In the present, the soldiers test Claire and Zoe's blood and interrogate them to find out if there are any others in the vicinity. Afterwards, the soldiers prepare to execute them. Ray suddenly appears and kills one of the soldiers. Ray has black arteries and veins and bloodshot eyes. He incapacitates three more soldiers, demonstrating remarkable physical strength and agility, and is shot multiple times before falling. Claire and Zoe escape from their net, and an enraged Claire transforms like Ray, killing all but one soldier, who injures her. Before he is able to kill Claire, a transformed Zoe appears and exposes the soldier to the air by removing his re-breather, infecting him. Zoe, in her enraged state, almost attacks and kills Claire, but Claire reminds her of their rule to always keep calm. Claire and Zoe sit with Ray during his final moments. Claire notices the helicopter coming back and the two flee.

The two find a sewer system nearby and hide there. They hear someone approaching, who turns out to be Joey, Zoe's friend and next door neighbor. He has survived and leads them to others just like them within the underground sewers. Before Zoe and Claire join the group of infected survivors, Zoe notes how they managed to survive to day 302 while looking at the sun rising through a nearby window. Claire says "Not days," implying that their days are really "miracles", something Ray called each day at the beginning of the film. Claire looks up into the window before climbing through the sewer hole, revealing her bloodshot eyes.

== Production ==
The Duffer Brothers began writing Hiddenshortly after graduating from Chapman University. In December 2011, the screenplay was accepted by Warner Bros. Pictures .

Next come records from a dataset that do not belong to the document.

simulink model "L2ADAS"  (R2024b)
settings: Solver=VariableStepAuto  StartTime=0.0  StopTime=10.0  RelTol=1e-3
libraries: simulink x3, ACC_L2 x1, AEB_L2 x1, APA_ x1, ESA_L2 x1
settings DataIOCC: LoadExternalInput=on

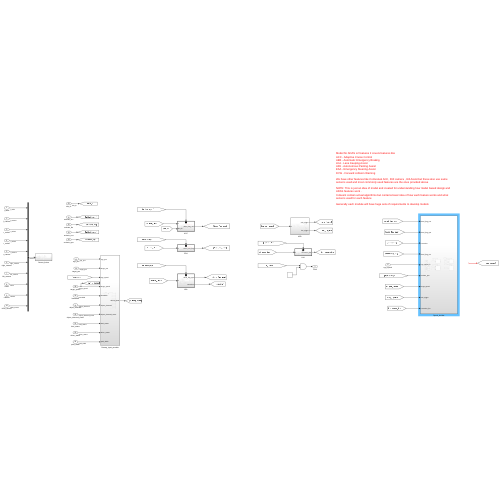
[thumbnail: Simulink's stored preview of the top-level diagram]
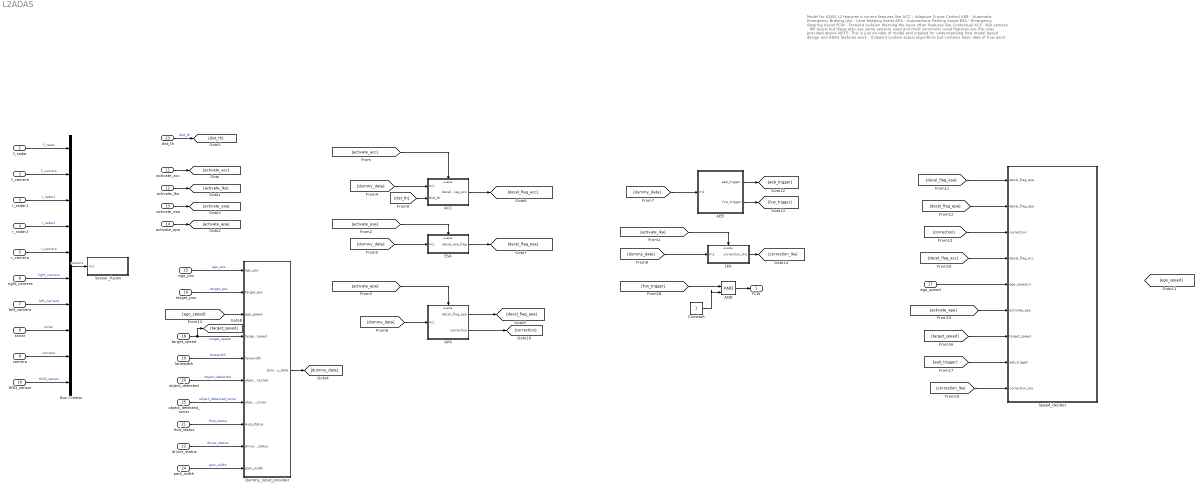
== system L2ADAS ==
  note: Model for ADAS L2 features it covers features like
      | ACC - Adaptive Cruise Control
      | AEB - Automatic Emergency Braking
      | LKA - Lane Keeping Assist
      | APA - Autonomous Parking Assist
      | ESA - Emergency Steering Assist
      | FCW - Forward collision Warning
      |
      | We have other features like Contextual ACC, 360 camera , Hill Assist but these also use same sensors used and most commonly used features are the ones provided above
      |
      | NOTE: This is just an idea of model and created for understanding how model based design and ADAS features work .
      | It doesnt contain actual algorithms but contains basic idea of how each feature works and what sensors used for each feature
      |
      | Generally each module will have huge sets of requirements to develop models
  f_radar : Inport
  f_camera : Inport  Port=2
  r_radar1 : Inport  Port=3
  r_radar2 : Inport  Port=4
  r_camera : Inport  Port=5
  right_camera : Inport  Port=6
  left_camera : Inport  Port=7
  sonar : Inport  Port=8
  camera : Inport  Port=9
  HOD_sensor : Inport  Port=10
  activate_acc : Inport  Port=11  OutDataTypeStr=boolean
  activate_lka : Inport  Port=12  OutDataTypeStr=boolean
  activate_esa : Inport  Port=13  OutDataTypeStr=boolean
  activate_apa : Inport  Port=14  OutDataTypeStr=boolean
  ego_pos : Inport  Port=15
  target_pos : Inport  Port=16
  ego_speed : Inport  Port=17
  target_speed : Inport  Port=18
  lanewidth : Inport  Port=19
  object_detected : Inport  Port=20
  Hod_status : Inport  Port=21
  driver_status : Inport  Port=22
  dist_th : Inport  Port=23
  park_width : Inport  Port=24
  object_detected_sonar : Inport  Port=25
  ACC : Subsystem  TreatAsAtomicUnit=on
  AEB : Subsystem
  AND : Logic  IconShape=distinctive  AllPortsSameDT=off  OutDataTypeStr=boolean
  APA : Subsystem  TreatAsAtomicUnit=on
  Bus Creator : BusCreator  Inputs=10
  Constant : Constant
  Dummy_input_provider : Subsystem
  ESA : Subsystem  TreatAsAtomicUnit=on
  LKA : Subsystem  TreatAsAtomicUnit=on
  Sensor_fusion : Subsystem
  Speed_decider : Subsystem
  FCW : Outport
  wires:
  Bus Creator/1 -> Sensor_fusion/1(In1)  "sensors"
  sonar/1 -> Bus Creator/8  "sonar"
  r_camera/1 -> Bus Creator/5  "r_camera"
  r_radar2/1 -> Bus Creator/4  "r_radar2"
  r_radar1/1 -> Bus Creator/3  "r_radar1"
  f_camera/1 -> Bus Creator/2  "f_camera"
  left_camera/1 -> Bus Creator/7  "left_camera"
  right_camera/1 -> Bus Creator/6  "right_camera"
  f_radar/1 -> Bus Creator/1  "f_radar"
  camera/1 -> Bus Creator/9  "camera"
  HOD_sensor/1 -> Bus Creator/10  "HOD_sensor"
  activate_acc/1 -> [activate_acc]
  activate_lka/1 -> [activate_lka]
  activate_esa/1 -> [activate_esa]
  activate_apa/1 -> [activate_apa]
  [activate_esa] -> ESA/Enable
  [activate_acc] -> ACC/Enable
  [activate_apa] -> APA/Enable
  ego_pos/1 -> Dummy_input_provider/1(ego_pos)  "ego_pos"
  target_pos/1 -> Dummy_input_provider/2(target_pos)  "target_pos"
  target_speed/1 -> Dummy_input_provider/4(target_speed), [target_speed]  "target_speed"
  lanewidth/1 -> Dummy_input_provider/5(lanewidth)  "lanewidth"
  object_detected/1 -> Dummy_input_provider/6(object_detected)  "object_detected"
  Hod_status/1 -> Dummy_input_provider/8(Hod_status)  "Hod_status"
  driver_status/1 -> Dummy_input_provider/9(driver_status)  "driver_status"
  Dummy_input_provider/1(dummy_data) -> [dummy_data]
  [dummy_data] -> ACC/1(In1)
  [dummy_data] -> ESA/1(In1)
  [dummy_data] -> APA/1(In1)
  [dummy_data] -> AEB/1(In1)
  [dummy_data] -> LKA/1(In1)
  dist_th/1 -> [dist_th]  "dist_th"
  [dist_th] -> ACC/2(dist_th)
  ACC/1(decel_flag_acc) -> [decel_flag_acc]
  ESA/1(decel_esa_flag) -> [decel_flag_esa]
  park_width/1 -> Dummy_input_provider/10(park_width)  "park_width"
  APA/1(decel_flag_apa) -> [decel_flag_apa]
  APA/2(correction) -> [correction]
  [decel_flag_esa] -> Speed_decider/1(decel_flag_esa)
  [decel_flag_apa] -> Speed_decider/2(decel_flag_apa)
  [correction] -> Speed_decider/3(correction)
  [decel_flag_acc] -> Speed_decider/4(decel_flag_acc)
  ego_speed/1 -> Speed_decider/5(ego_speed_in)
  ? -> [ego_speed]
  [ego_speed] -> Dummy_input_provider/3(ego_speed)
  [activate_apa] -> Speed_decider/6(activate_apa)
  [target_speed] -> Speed_decider/7(target_speed)
  AEB/1(aeb_trigger) -> [aeb_trigger]
  AEB/2(fcw_trigger) -> [fcw_trigger]
  [aeb_trigger] -> Speed_decider/8(aeb_trigger)
  [fcw_trigger] -> AND/1
  Constant/1 -> AND/2
  AND/1 -> FCW/1
  [activate_lka] -> LKA/Enable
  LKA/1(correction_lka) -> [correction_lka]
  [correction_lka] -> Speed_decider/9(correction_lka)
  object_detected_sonar/1 -> Dummy_input_provider/7(object_detected_sonar)  "object_detected_sonar"

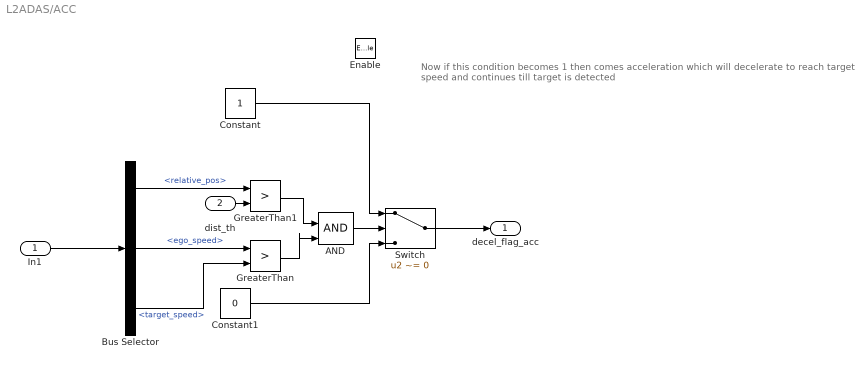
== system L2ADAS/ACC ==
  note: Now if this condition becomes 1 then comes acceleration which will decelerate to reach target speed and continues till target is detected
  In1 : Inport
  dist_th : Inport  Port=2
  Enable : EnablePort  StatesWhenEnabling=reset
  AND : Logic  IconShape=distinctive  AllPortsSameDT=off  OutDataTypeStr=boolean
  Bus Selector : BusSelector  OutputSignals=relative_pos,ego_speed,target_speed
  Constant : Constant
  Constant1 : Constant  Value=0
  GreaterThan : RelationalOperator  Operator=>  OutDataTypeStr=boolean  RndMeth=Simplest  InputSameDT=off
  GreaterThan1 : RelationalOperator  Operator=>  OutDataTypeStr=boolean  RndMeth=Simplest  InputSameDT=off
  Switch : Switch  Criteria=u2 ~= 0  SaturateOnIntegerOverflow=off  InputSameDT=off
  decel_flag_acc : Outport
  wires:
  In1/1 -> Bus Selector/1
  Bus Selector/1 -> GreaterThan1/1  "<relative_pos>"
  dist_th/1 -> GreaterThan1/2
  Bus Selector/2 -> GreaterThan/1  "<ego_speed>"
  Bus Selector/3 -> GreaterThan/2  "<target_speed>"
  AND/1 -> Switch/2
  GreaterThan1/1 -> AND/1
  GreaterThan/1 -> AND/2
  Constant/1 -> Switch/1
  Constant1/1 -> Switch/3
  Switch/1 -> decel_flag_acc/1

Directed by the Duffer Brothers, Hidden features John Middleton and Sebastian Aloi as executive producers. Roy Lee, Mason Novick, and Lawrence Grey serve as producers. Joe Berg supervised Production.

=== Filming ===
Principal photography on the film began on August 15, 2012, in Vancouver, British Columbia, Canada. Filming took place at Cypress Provincial Park.

== Release ==

Hidden was scheduled for a theatrical release, but Warner opted to release it for streaming services and home media, deeming it "too small" . The film premiered on September 15, 2015 in United States, Canada and Mexico. It was released on DVD and on various streaming services, including Amazon Prime Video and Apple TV . In the following years, the title was released in countries across Europe and Asia, as well as in Australia. The release in Italy in March 2017 featured a premiere event. The releases in Poland and Bulgaria—taking place in July 2019 and March 2020, respectively—were carried out via television broadcasts. Moving into the 2020s, the film saw home media releases in Ecuador, the United Arab Emirates, and Singapore

== Reception ==
Hidden received generally positive reviews. The site Morbidly Beautiful considered that its limited release prevented it from gaining much visibility. . Morbidly considers the film underrated, regarding it as a "gem for fans of the apocalyptic/zombie. subgenre". Despite this, Morbidly pointed out that the film had "obvious" problems due to its low budget.

Morbidly praised the film's performances, especially those of Skarsgård and Lind.

Morbidly praised his writing, considering the film's tension well-constructed, noting that the initially slow pace helped build it. He also praised the way the film made the viewer care about the characters, adding that the various "dumb mistakes" the family makes throughout the movie made them even more human. Morbidly considers that the flashbacks presented throughout the film "helped keep us up to date on the world outside".

Morbidly criticized the film's dark lighting, which made it difficult to read the characters' facial expressions

Daniel Kurland calls it "a very promising, controlled debut feature from Matt and Ross Duffer." It accomplishes what it sets out to do, and does so "in a creative, minimalist manner." Nav Qateel, writing for Influx Magazine, gives the film a grade of "B", calling it a "polished thriller-horror" and "an accomplished film with a satisfying conclusion. It's also very much a grown-up, mature movie that's a far cry from the typical low-budget offerings we're more accustomed to."